Dall’agricoltura di precisione ai filari con Sitevi 2017

Lo scorso luglio a Milano è stata presentata l’ormai prossima edizione di Sitevi 2017, Salone delle attrezzature e del know how per le produzioni delle filiere vigna-vino che si svolgerà a Montpellier tra il 28 e il 30 novembre.
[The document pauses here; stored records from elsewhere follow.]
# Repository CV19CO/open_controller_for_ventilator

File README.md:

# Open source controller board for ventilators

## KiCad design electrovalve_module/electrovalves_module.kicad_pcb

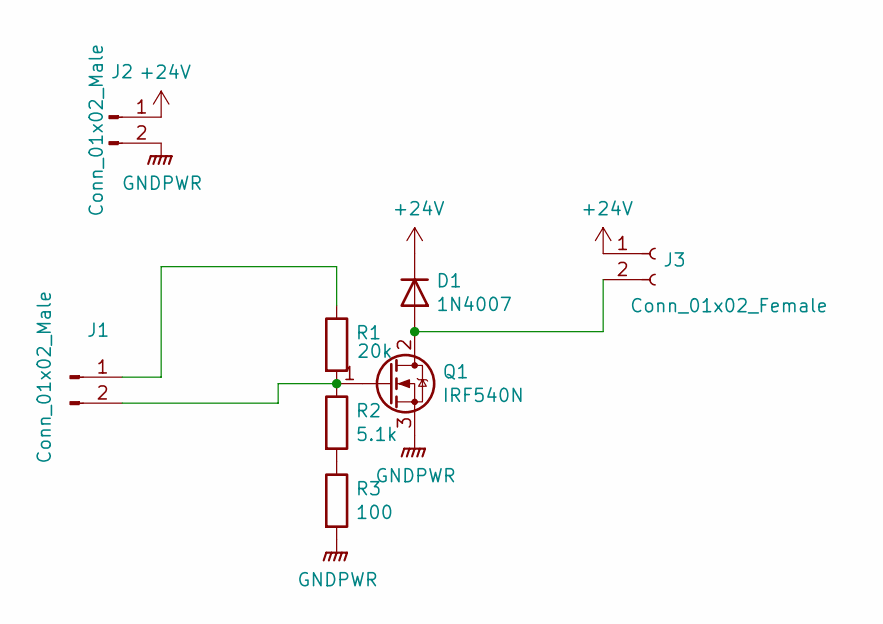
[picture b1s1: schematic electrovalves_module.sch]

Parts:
D1: 1N4007; D_DO-41_SOD81_P10.16mm_Horizontal
J1, J2: Conn_01x02_Male; TerminalBlock_bornier-2_P5.08mm
J3: Conn_01x02_Female; TerminalBlock_bornier-2_P5.08mm
Q1: IRF540N; TO-220-3_Vertical
R1: 20k; R_Axial_DIN0207_L6.3mm_D2.5mm_P7.62mm_Horizontal
R2: 5.1k; R_Axial_DIN0207_L6.3mm_D2.5mm_P7.62mm_Horizontal
R3: 100; R_Axial_DIN0207_L6.3mm_D2.5mm_P7.62mm_Horizontal

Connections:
+24V: D1.1 (K), J2.1, J3.1
GNDPWR: J2.2, Q1.3 (S), R3.2
unnamed: D1.2 (A), J3.2, Q1.2 (D)
unnamed: J1.1, R1.1
unnamed: J1.2, Q1.1 (G), R1.2, R2.1
unnamed: R2.2, R3.1

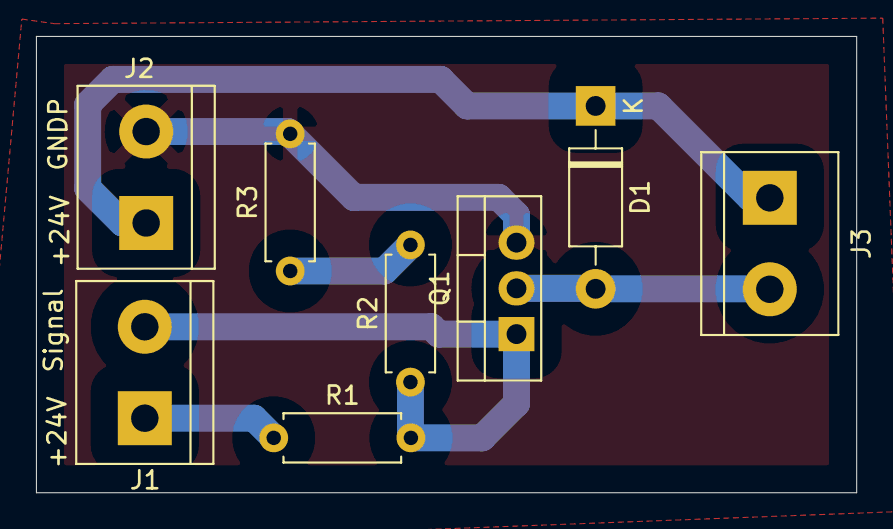
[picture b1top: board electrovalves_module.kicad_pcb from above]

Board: 2 copper layers, 45.6 x 25.3 mm, 8 parts (0 on the bottom side), 6 nets.

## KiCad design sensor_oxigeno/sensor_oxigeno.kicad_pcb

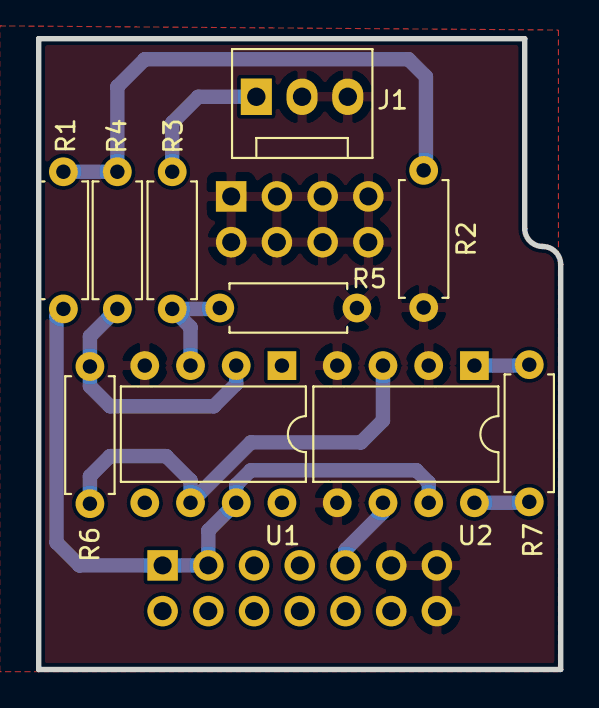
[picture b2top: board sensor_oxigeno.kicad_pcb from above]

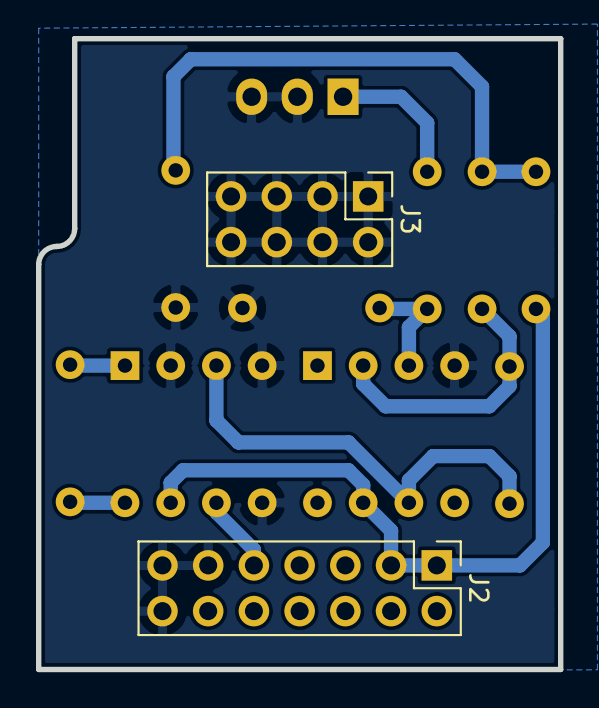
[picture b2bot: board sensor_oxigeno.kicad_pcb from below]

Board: 4 copper layers, 29.0 x 35.0 mm, 12 parts (2 on the bottom side), 10 nets.

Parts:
J1: Conn_01x02_Female; FanPinHeader_1x03_P2.54mm_Vertical
J2: Conn_02x07_Odd_Even; PinHeader_2x07_P2.54mm_Vertical
J3: Conn_02x04_Odd_Even; PinHeader_2x04_P2.54mm_Vertical
R1: 25.3 k; R_Axial_DIN0207_L6.3mm_D2.5mm_P7.62mm_Horizontal
R2: 100; R_Axial_DIN0207_L6.3mm_D2.5mm_P7.62mm_Horizontal
R3, R4, R5, R6: 10k; R_Axial_DIN0207_L6.3mm_D2.5mm_P7.62mm_Horizontal
R7: 50; R_Axial_DIN0207_L6.3mm_D2.5mm_P7.62mm_Horizontal
U1: LM318N; DIP-8_W7.62mm
U2: INA128; DIP-8_W7.62mm

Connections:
+3V3: J2.1, J2.3, R1.2, U1.7, U2.7
/Analog: J2.9, U2.6
GND: J1.2, J1.3, J2.11, J2.13, J2.14, J3.1, J3.2, J3.3, J3.4, J3.5, J3.6, J3.7, J3.8, R2.2, R5.1, U1.4, U2.2, U2.4, U2.5
unnamed: J1.1, R3.2
unnamed: R1.1, R2.1, R4.2
unnamed: R3.1, R5.2, U1.3
unnamed: R4.1, R6.2, U1.2
unnamed: R6.1, U1.6, U2.3
unnamed: R7.1, U2.1
unnamed: R7.2, U2.8

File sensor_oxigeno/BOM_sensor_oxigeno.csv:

"Source:","/home/jaiber/proyectos/respirador/repos/open_controller_for_ventilator/sensor_oxigeno/sensor_oxigeno.sch"
"Date:","jue 26 may 2022 21:42:56"
"Tool:","Eeschema 5.1.12-84ad8e8a86~92~ubuntu20.04.1"
"Generator:","/usr/share/kicad/plugins/bom_csv_grouped_by_value.py"
"Component Count:","12"

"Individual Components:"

L’evento è stato organizzato da Paris Region Entreprises, Saloni Francesi e Promosalons, promotori di Sima e Sitevi, esposizioni fortemente incentrate sull’innovazione e sull’ agricoltura di precisione: Sitevi è la piazza che ospiterà il Villaggio delle Startup, trampolino di lancio per le giovani imprese, un fitto programma di conferenze sull’agricoltura connessa, le nuove tecnologie e la trasformazione digitale e un’area esterna, Spot Démo che include la robotica.

di Samanta Gaber

martine degremont sitevi
Martine Dégremont, direttrice di Sitevi, introduce il dibattito sull’agricoltura di precisione in Italia.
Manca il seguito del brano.